Action item:
Nothing but the pictures should be dropped when the records are transcribed word for word.

(Stored data begins)

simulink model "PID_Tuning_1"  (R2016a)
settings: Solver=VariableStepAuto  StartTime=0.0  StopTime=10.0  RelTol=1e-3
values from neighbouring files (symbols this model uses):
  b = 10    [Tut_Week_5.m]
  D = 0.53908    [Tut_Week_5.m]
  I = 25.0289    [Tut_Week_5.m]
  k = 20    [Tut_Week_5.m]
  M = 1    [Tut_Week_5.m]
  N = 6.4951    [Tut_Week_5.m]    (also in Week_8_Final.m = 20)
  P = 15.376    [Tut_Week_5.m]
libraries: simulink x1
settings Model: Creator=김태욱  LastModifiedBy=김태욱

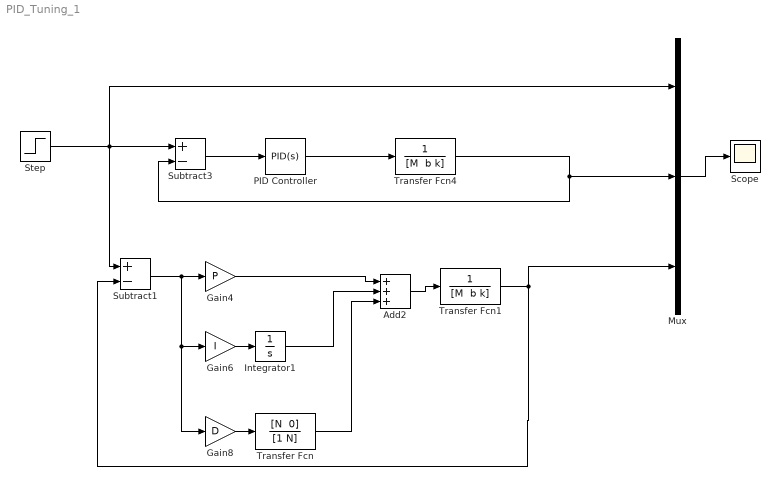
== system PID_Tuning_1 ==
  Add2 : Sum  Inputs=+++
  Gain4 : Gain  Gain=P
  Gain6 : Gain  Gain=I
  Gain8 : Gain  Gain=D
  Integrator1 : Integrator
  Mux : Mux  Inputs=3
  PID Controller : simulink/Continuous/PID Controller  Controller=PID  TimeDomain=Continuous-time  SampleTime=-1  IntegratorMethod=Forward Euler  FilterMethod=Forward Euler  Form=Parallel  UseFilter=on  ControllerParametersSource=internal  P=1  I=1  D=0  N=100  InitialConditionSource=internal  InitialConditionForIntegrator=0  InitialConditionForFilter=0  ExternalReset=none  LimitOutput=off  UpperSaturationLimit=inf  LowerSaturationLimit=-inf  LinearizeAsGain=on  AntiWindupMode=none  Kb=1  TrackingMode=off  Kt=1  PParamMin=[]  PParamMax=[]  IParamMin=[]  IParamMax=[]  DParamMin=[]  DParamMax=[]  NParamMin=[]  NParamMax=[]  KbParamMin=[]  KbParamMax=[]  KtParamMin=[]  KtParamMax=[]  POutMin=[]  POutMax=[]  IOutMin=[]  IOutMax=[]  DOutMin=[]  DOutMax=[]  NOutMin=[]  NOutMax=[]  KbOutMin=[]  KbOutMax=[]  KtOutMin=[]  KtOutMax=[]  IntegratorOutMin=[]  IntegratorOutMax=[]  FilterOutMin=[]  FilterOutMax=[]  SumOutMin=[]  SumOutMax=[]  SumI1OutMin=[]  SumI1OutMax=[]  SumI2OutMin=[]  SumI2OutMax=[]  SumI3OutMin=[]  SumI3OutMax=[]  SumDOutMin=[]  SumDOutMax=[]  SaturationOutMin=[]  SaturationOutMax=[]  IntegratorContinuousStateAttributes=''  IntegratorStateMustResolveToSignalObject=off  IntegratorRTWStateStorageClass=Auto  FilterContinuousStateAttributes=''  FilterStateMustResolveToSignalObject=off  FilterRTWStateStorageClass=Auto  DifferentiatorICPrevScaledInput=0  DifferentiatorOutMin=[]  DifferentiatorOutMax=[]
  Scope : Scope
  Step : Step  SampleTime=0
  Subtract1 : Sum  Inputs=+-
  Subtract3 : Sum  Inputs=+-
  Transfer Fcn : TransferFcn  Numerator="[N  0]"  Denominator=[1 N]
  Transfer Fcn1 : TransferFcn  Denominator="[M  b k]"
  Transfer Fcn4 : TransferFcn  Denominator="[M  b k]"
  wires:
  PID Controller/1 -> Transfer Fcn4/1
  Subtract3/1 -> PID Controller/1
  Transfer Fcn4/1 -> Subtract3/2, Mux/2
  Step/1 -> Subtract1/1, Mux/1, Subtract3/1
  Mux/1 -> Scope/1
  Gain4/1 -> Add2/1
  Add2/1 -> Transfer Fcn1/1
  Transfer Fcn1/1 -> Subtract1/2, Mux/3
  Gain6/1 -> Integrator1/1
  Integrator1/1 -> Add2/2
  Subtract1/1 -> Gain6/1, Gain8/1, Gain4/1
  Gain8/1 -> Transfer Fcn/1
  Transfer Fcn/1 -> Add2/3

(Stored data ends)

Response box:
simulink model "PID_Tuning_1"  (R2016a)
settings: Solver=VariableStepAuto  StartTime=0.0  StopTime=10.0  RelTol=1e-3
values from neighbouring files (symbols this model uses):
  b = 10    [Tut_Week_5.m]
  D = 0.53908    [Tut_Week_5.m]
  I = 25.0289    [Tut_Week_5.m]
  k = 20    [Tut_Week_5.m]
  M = 1    [Tut_Week_5.m]
  N = 6.4951    [Tut_Week_5.m]    (also in Week_8_Final.m = 20)
  P = 15.376    [Tut_Week_5.m]
libraries: simulink x1
settings Model: Creator=김태욱  LastModifiedBy=김태욱

== system PID_Tuning_1 ==
  Add2 : Sum  Inputs=+++
  Gain4 : Gain  Gain=P
  Gain6 : Gain  Gain=I
  Gain8 : Gain  Gain=D
  Integrator1 : Integrator
  Mux : Mux  Inputs=3
  PID Controller : simulink/Continuous/PID Controller  Controller=PID  TimeDomain=Continuous-time  SampleTime=-1  IntegratorMethod=Forward Euler  FilterMethod=Forward Euler  Form=Parallel  UseFilter=on  ControllerParametersSource=internal  P=1  I=1  D=0  N=100  InitialConditionSource=internal  InitialConditionForIntegrator=0  InitialConditionForFilter=0  ExternalReset=none  LimitOutput=off  UpperSaturationLimit=inf  LowerSaturationLimit=-inf  LinearizeAsGain=on  AntiWindupMode=none  Kb=1  TrackingMode=off  Kt=1  PParamMin=[]  PParamMax=[]  IParamMin=[]  IParamMax=[]  DParamMin=[]  DParamMax=[]  NParamMin=[]  NParamMax=[]  KbParamMin=[]  KbParamMax=[]  KtParamMin=[]  KtParamMax=[]  POutMin=[]  POutMax=[]  IOutMin=[]  IOutMax=[]  DOutMin=[]  DOutMax=[]  NOutMin=[]  NOutMax=[]  KbOutMin=[]  KbOutMax=[]  KtOutMin=[]  KtOutMax=[]  IntegratorOutMin=[]  IntegratorOutMax=[]  FilterOutMin=[]  FilterOutMax=[]  SumOutMin=[]  SumOutMax=[]  SumI1OutMin=[]  SumI1OutMax=[]  SumI2OutMin=[]  SumI2OutMax=[]  SumI3OutMin=[]  SumI3OutMax=[]  SumDOutMin=[]  SumDOutMax=[]  SaturationOutMin=[]  SaturationOutMax=[]  IntegratorContinuousStateAttributes=''  IntegratorStateMustResolveToSignalObject=off  IntegratorRTWStateStorageClass=Auto  FilterContinuousStateAttributes=''  FilterStateMustResolveToSignalObject=off  FilterRTWStateStorageClass=Auto  DifferentiatorICPrevScaledInput=0  DifferentiatorOutMin=[]  DifferentiatorOutMax=[]
  Scope : Scope
  Step : Step  SampleTime=0
  Subtract1 : Sum  Inputs=+-
  Subtract3 : Sum  Inputs=+-
  Transfer Fcn : TransferFcn  Numerator="[N  0]"  Denominator=[1 N]
  Transfer Fcn1 : TransferFcn  Denominator="[M  b k]"
  Transfer Fcn4 : TransferFcn  Denominator="[M  b k]"
  wires:
  PID Controller/1 -> Transfer Fcn4/1
  Subtract3/1 -> PID Controller/1
  Transfer Fcn4/1 -> Subtract3/2, Mux/2
  Step/1 -> Subtract1/1, Mux/1, Subtract3/1
  Mux/1 -> Scope/1
  Gain4/1 -> Add2/1
  Add2/1 -> Transfer Fcn1/1
  Transfer Fcn1/1 -> Subtract1/2, Mux/3
  Gain6/1 -> Integrator1/1
  Integrator1/1 -> Add2/2
  Subtract1/1 -> Gain6/1, Gain8/1, Gain4/1
  Gain8/1 -> Transfer Fcn/1
  Transfer Fcn/1 -> Add2/3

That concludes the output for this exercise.